Directions -> Each line starting at the one that contains "#86=CARTESIAN_POINT('',(-35.,-5.,0.));" and ending at the one that contains "#135=LINE('',#134,#133);" must be returned exactly, and the rest of the listing is left out.

Records to use ->

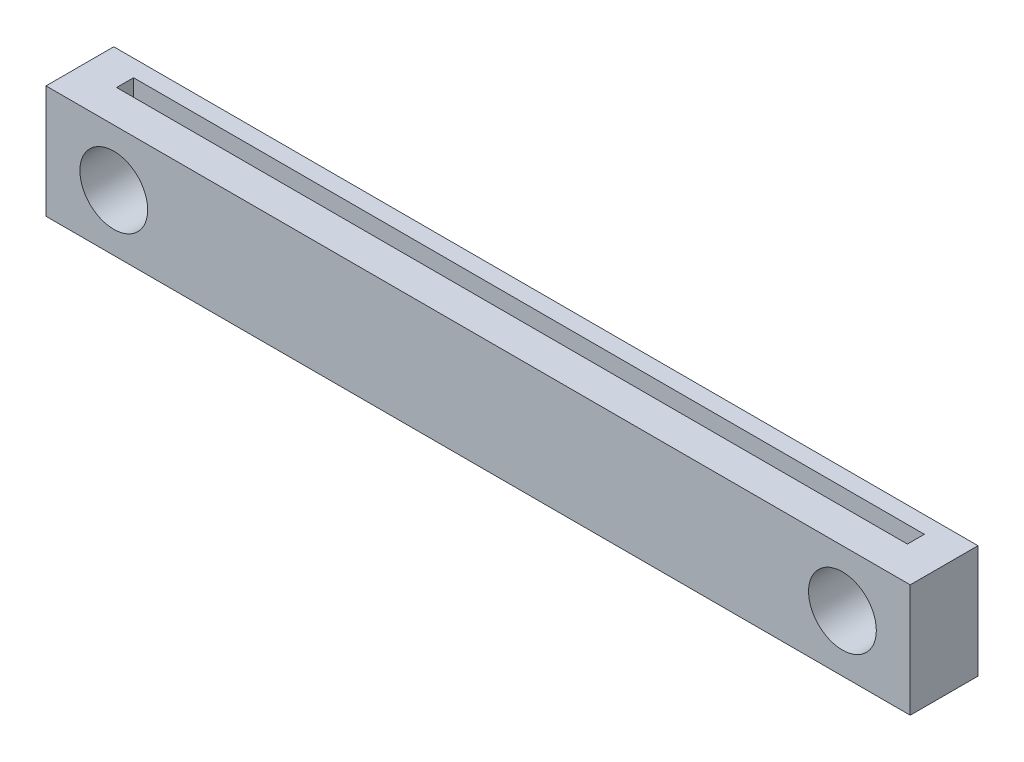
ISO-10303-21;
HEADER;
FILE_DESCRIPTION(('STEP AP214'),'2;1');
FILE_NAME('part.step','',(''),(''),'','','');
FILE_SCHEMA(('AUTOMOTIVE_DESIGN { 1 0 10303 214 1 1 1 1 }'));
ENDSEC;
DATA;
#1=APPLICATION_CONTEXT('core data for automotive mechanical design processes');
#2=APPLICATION_PROTOCOL_DEFINITION('international standard','automotive_design',2000,#1);
#3=PRODUCT_CONTEXT('',#1,'mechanical');
#4=PRODUCT('Part','Part','',(#3));
#5=PRODUCT_RELATED_PRODUCT_CATEGORY('part','',(#4));
#6=PRODUCT_DEFINITION_FORMATION('','',#4);
#7=PRODUCT_DEFINITION_CONTEXT('part definition',#1,'design');
#8=PRODUCT_DEFINITION('design','',#6,#7);
#9=PRODUCT_DEFINITION_SHAPE('','',#8);
#10=(LENGTH_UNIT() NAMED_UNIT(*) SI_UNIT(.MILLI.,.METRE.));
#11=(NAMED_UNIT(*) PLANE_ANGLE_UNIT() SI_UNIT($,.RADIAN.));
#12=(NAMED_UNIT(*) SI_UNIT($,.STERADIAN.) SOLID_ANGLE_UNIT());
#13=UNCERTAINTY_MEASURE_WITH_UNIT(LENGTH_MEASURE(1.E-05),#10,'distance_accuracy_value','');
#14=(GEOMETRIC_REPRESENTATION_CONTEXT(3) GLOBAL_UNCERTAINTY_ASSIGNED_CONTEXT((#13)) GLOBAL_UNIT_ASSIGNED_CONTEXT((#10,
#11,#12)) REPRESENTATION_CONTEXT('',''));
#15=CARTESIAN_POINT('',(0.,0.,0.));
#16=DIRECTION('',(0.,0.,1.));
#17=DIRECTION('',(1.,0.,0.));
#18=AXIS2_PLACEMENT_3D('',#15,#16,#17);
#19=CARTESIAN_POINT('',(-35.,-5.,6.));
#20=DIRECTION('',(0.,1.,0.));
#21=DIRECTION('',(0.,0.,1.));
#22=AXIS2_PLACEMENT_3D('',#19,#20,#21);
#23=PLANE('',#22);
#24=DIRECTION('',(-1.,0.,0.));
#25=VECTOR('',#24,1.);
#26=CARTESIAN_POINT('',(35.,-5.,3.));
#27=LINE('',#26,#25);
#28=CARTESIAN_POINT('',(35.,-5.,3.));
#29=VERTEX_POINT('',#28);
#30=CARTESIAN_POINT('',(-35.,-5.,3.));
#31=VERTEX_POINT('',#30);
#32=EDGE_CURVE('E151',#29,#31,#27,.T.);
#33=ORIENTED_EDGE('',*,*,#32,.F.);
#34=DIRECTION('',(0.,0.,1.));
#35=VECTOR('',#34,1.);
#36=CARTESIAN_POINT('',(35.,-5.,0.));
#37=LINE('',#36,#35);
#38=CARTESIAN_POINT('',(35.,-5.,1.5));
#39=VERTEX_POINT('',#38);
#40=EDGE_CURVE('E231',#39,#29,#37,.T.);
#41=ORIENTED_EDGE('',*,*,#40,.F.);
#42=DIRECTION('',(-1.,0.,0.));
#43=VECTOR('',#42,1.);
#44=CARTESIAN_POINT('',(35.,-5.,1.5));
#45=LINE('',#44,#43);
#46=CARTESIAN_POINT('',(-35.,-5.,1.5));
#47=VERTEX_POINT('',#46);
#48=EDGE_CURVE('E153',#39,#47,#45,.T.);
#49=ORIENTED_EDGE('',*,*,#48,.T.);
#50=DIRECTION('',(0.,0.,1.));
#51=VECTOR('',#50,1.);
#52=CARTESIAN_POINT('',(-35.,-5.,0.));
#53=LINE('',#52,#51);
#54=EDGE_CURVE('E208',#47,#31,#53,.T.);
#55=ORIENTED_EDGE('',*,*,#54,.T.);
#56=EDGE_LOOP('',(#33,#41,#49,#55));
#57=FACE_BOUND('',#56,.T.);
#58=DIRECTION('',(0.,0.,1.));
#59=VECTOR('',#58,1.);
#60=CARTESIAN_POINT('',(38.25,-5.,0.));
#61=LINE('',#60,#59);
#62=CARTESIAN_POINT('',(38.25,-5.,0.));
#63=VERTEX_POINT('',#62);
#64=CARTESIAN_POINT('',(38.25,-5.,6.));
#65=VERTEX_POINT('',#64);
#66=EDGE_CURVE('E254',#63,#65,#61,.T.);
#67=ORIENTED_EDGE('',*,*,#66,.T.);
#68=DIRECTION('',(1.,0.,0.));
#69=VECTOR('',#68,1.);
#70=CARTESIAN_POINT('',(-35.,-5.,6.));
#71=LINE('',#70,#69);
#72=CARTESIAN_POINT('',(-38.25,-5.,6.));
#73=VERTEX_POINT('',#72);
#74=EDGE_CURVE('E52',#73,#65,#71,.T.);
#75=ORIENTED_EDGE('',*,*,#74,.F.);
#76=DIRECTION('',(0.,0.,1.));
#77=VECTOR('',#76,1.);
#78=CARTESIAN_POINT('',(-38.25,-5.,0.));
#79=LINE('',#78,#77);
#80=CARTESIAN_POINT('',(-38.25,-5.,0.));
#81=VERTEX_POINT('',#80);
#82=EDGE_CURVE('E196',#81,#73,#79,.T.);
#83=ORIENTED_EDGE('',*,*,#82,.F.);
#84=DIRECTION('',(1.,0.,0.));
#85=VECTOR('',#84,1.);
#86=CARTESIAN_POINT('',(-35.,-5.,0.));
#87=LINE('',#86,#85);
#88=EDGE_CURVE('E102',#81,#63,#87,.T.);
#89=ORIENTED_EDGE('',*,*,#88,.T.);
#90=EDGE_LOOP('',(#67,#75,#83,#89));
#91=FACE_BOUND('',#90,.T.);
#92=ADVANCED_FACE('F44',(#57,#91),#23,.F.);
#93=CARTESIAN_POINT('',(-35.,5.,6.));
#94=DIRECTION('',(0.,-1.,0.));
#95=DIRECTION('',(0.,0.,-1.));
#96=AXIS2_PLACEMENT_3D('',#93,#94,#95);
#97=PLANE('',#96);
#98=DIRECTION('',(0.,0.,1.));
#99=VECTOR('',#98,1.);
#100=CARTESIAN_POINT('',(38.25,5.,0.));
#101=LINE('',#100,#99);
#102=CARTESIAN_POINT('',(38.25,5.,0.));
#103=VERTEX_POINT('',#102);
#104=CARTESIAN_POINT('',(38.25,5.,6.));
#105=VERTEX_POINT('',#104);
#106=EDGE_CURVE('E187',#103,#105,#101,.T.);
#107=ORIENTED_EDGE('',*,*,#106,.F.);
#108=DIRECTION('',(-1.,0.,0.));
#109=VECTOR('',#108,1.);
#110=CARTESIAN_POINT('',(-35.,5.,0.));
#111=LINE('',#110,#109);
#112=CARTESIAN_POINT('',(-38.25,5.,0.));
#113=VERTEX_POINT('',#112);
#114=EDGE_CURVE('E47',#103,#113,#111,.T.);
#115=ORIENTED_EDGE('',*,*,#114,.T.);
#116=DIRECTION('',(0.,0.,1.));
#117=VECTOR('',#116,1.);
#118=CARTESIAN_POINT('',(-38.25,5.,0.));
#119=LINE('',#118,#117);
#120=CARTESIAN_POINT('',(-38.25,5.,6.));
#121=VERTEX_POINT('',#120);
#122=EDGE_CURVE('E183',#113,#121,#119,.T.);
#123=ORIENTED_EDGE('',*,*,#122,.T.);
#124=DIRECTION('',(-1.,0.,0.));
#125=VECTOR('',#124,1.);
#126=CARTESIAN_POINT('',(-35.,5.,6.));
#127=LINE('',#126,#125);
#128=EDGE_CURVE('E12',#105,#121,#127,.T.);
#129=ORIENTED_EDGE('',*,*,#128,.F.);
#130=EDGE_LOOP('',(#107,#115,#123,#129));
#131=FACE_BOUND('',#130,.T.);
#132=DIRECTION('',(-1.,0.,0.));
#133=VECTOR('',#132,1.);
#134=CARTESIAN_POINT('',(35.,5.,1.5));
#135=LINE('',#134,#133);
#136=CARTESIAN_POINT('',(35.,5.,1.5));
#137=VERTEX_POINT('',#136);
#138=CARTESIAN_POINT('',(-35.,5.,1.5));
#139=VERTEX_POINT('',#138);
#140=EDGE_CURVE('E69',#137,#139,#135,.T.);
#141=ORIENTED_EDGE('',*,*,#140,.F.);
#142=DIRECTION('',(0.,0.,1.));
#143=VECTOR('',#142,1.);
#144=CARTESIAN_POINT('',(35.,5.,0.));
#145=LINE('',#144,#143);
#146=CARTESIAN_POINT('',(35.,5.,3.));
#147=VERTEX_POINT('',#146);
#148=EDGE_CURVE('E227',#137,#147,#145,.T.);
#149=ORIENTED_EDGE('',*,*,#148,.T.);
#150=DIRECTION('',(-1.,0.,0.));
#151=VECTOR('',#150,1.);
#152=CARTESIAN_POINT('',(35.,5.,3.));
#153=LINE('',#152,#151);
#154=CARTESIAN_POINT('',(-35.,5.,3.));
#155=VERTEX_POINT('',#154);
#156=EDGE_CURVE('E142',#147,#155,#153,.T.);
#157=ORIENTED_EDGE('',*,*,#156,.T.);
#158=DIRECTION('',(0.,0.,1.));
#159=VECTOR('',#158,1.);
#160=CARTESIAN_POINT('',(-35.,5.,0.));
#161=LINE('',#160,#159);
#162=EDGE_CURVE('E197',#139,#155,#161,.T.);
#163=ORIENTED_EDGE('',*,*,#162,.F.);
#164=EDGE_LOOP('',(#141,#149,#157,#163));
#165=FACE_BOUND('',#164,.T.);
#166=ADVANCED_FACE('F180',(#131,#165),#97,.F.);
#167=CARTESIAN_POINT('',(0.,0.,6.));
#168=DIRECTION('',(0.,0.,1.));
#169=DIRECTION('',(1.,0.,0.));
#170=AXIS2_PLACEMENT_3D('',#167,#168,#169);
#171=PLANE('',#170);
#172=CARTESIAN_POINT('',(-32.25,0.,6.));
#173=DIRECTION('',(0.,0.,1.));
#174=DIRECTION('',(1.,0.,0.));
#175=AXIS2_PLACEMENT_3D('',#172,#173,#174);
#176=CIRCLE('',#175,3.);
#177=CARTESIAN_POINT('',(-29.25,0.,6.));
#178=VERTEX_POINT('',#177);
#179=EDGE_CURVE('E211',#178,#178,#176,.T.);
#180=ORIENTED_EDGE('',*,*,#179,.F.);
#181=EDGE_LOOP('',(#180));
#182=FACE_BOUND('',#181,.T.);
#183=CARTESIAN_POINT('',(32.25,0.,6.));
#184=DIRECTION('',(0.,0.,1.));
#185=DIRECTION('',(1.,0.,0.));
#186=AXIS2_PLACEMENT_3D('',#183,#184,#185);
#187=CIRCLE('',#186,3.);
#188=CARTESIAN_POINT('',(35.25,0.,6.));
#189=VERTEX_POINT('',#188);
#190=EDGE_CURVE('E268',#189,#189,#187,.F.);
#191=ORIENTED_EDGE('',*,*,#190,.T.);
#192=EDGE_LOOP('',(#191));
#193=FACE_BOUND('',#192,.T.);
#194=DIRECTION('',(0.,-1.,0.));
#195=VECTOR('',#194,1.);
#196=CARTESIAN_POINT('',(-38.25,-5.,6.));
#197=LINE('',#196,#195);
#198=EDGE_CURVE('E195',#121,#73,#197,.T.);
#199=ORIENTED_EDGE('',*,*,#198,.T.);
#200=ORIENTED_EDGE('',*,*,#74,.T.);
#201=DIRECTION('',(0.,1.,0.));
#202=VECTOR('',#201,1.);
#203=CARTESIAN_POINT('',(38.25,-5.,6.));
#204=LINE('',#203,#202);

Solution ->
#86=CARTESIAN_POINT('',(-35.,-5.,0.));
#87=LINE('',#86,#85);
#88=EDGE_CURVE('E102',#81,#63,#87,.T.);
#89=ORIENTED_EDGE('',*,*,#88,.T.);
#90=EDGE_LOOP('',(#67,#75,#83,#89));
#91=FACE_BOUND('',#90,.T.);
#92=ADVANCED_FACE('F44',(#57,#91),#23,.F.);
#93=CARTESIAN_POINT('',(-35.,5.,6.));
#94=DIRECTION('',(0.,-1.,0.));
#95=DIRECTION('',(0.,0.,-1.));
#96=AXIS2_PLACEMENT_3D('',#93,#94,#95);
#97=PLANE('',#96);
#98=DIRECTION('',(0.,0.,1.));
#99=VECTOR('',#98,1.);
#100=CARTESIAN_POINT('',(38.25,5.,0.));
#101=LINE('',#100,#99);
#102=CARTESIAN_POINT('',(38.25,5.,0.));
#103=VERTEX_POINT('',#102);
#104=CARTESIAN_POINT('',(38.25,5.,6.));
#105=VERTEX_POINT('',#104);
#106=EDGE_CURVE('E187',#103,#105,#101,.T.);
#107=ORIENTED_EDGE('',*,*,#106,.F.);
#108=DIRECTION('',(-1.,0.,0.));
#109=VECTOR('',#108,1.);
#110=CARTESIAN_POINT('',(-35.,5.,0.));
#111=LINE('',#110,#109);
#112=CARTESIAN_POINT('',(-38.25,5.,0.));
#113=VERTEX_POINT('',#112);
#114=EDGE_CURVE('E47',#103,#113,#111,.T.);
#115=ORIENTED_EDGE('',*,*,#114,.T.);
#116=DIRECTION('',(0.,0.,1.));
#117=VECTOR('',#116,1.);
#118=CARTESIAN_POINT('',(-38.25,5.,0.));
#119=LINE('',#118,#117);
#120=CARTESIAN_POINT('',(-38.25,5.,6.));
#121=VERTEX_POINT('',#120);
#122=EDGE_CURVE('E183',#113,#121,#119,.T.);
#123=ORIENTED_EDGE('',*,*,#122,.T.);
#124=DIRECTION('',(-1.,0.,0.));
#125=VECTOR('',#124,1.);
#126=CARTESIAN_POINT('',(-35.,5.,6.));
#127=LINE('',#126,#125);
#128=EDGE_CURVE('E12',#105,#121,#127,.T.);
#129=ORIENTED_EDGE('',*,*,#128,.F.);
#130=EDGE_LOOP('',(#107,#115,#123,#129));
#131=FACE_BOUND('',#130,.T.);
#132=DIRECTION('',(-1.,0.,0.));
#133=VECTOR('',#132,1.);
#134=CARTESIAN_POINT('',(35.,5.,1.5));
#135=LINE('',#134,#133);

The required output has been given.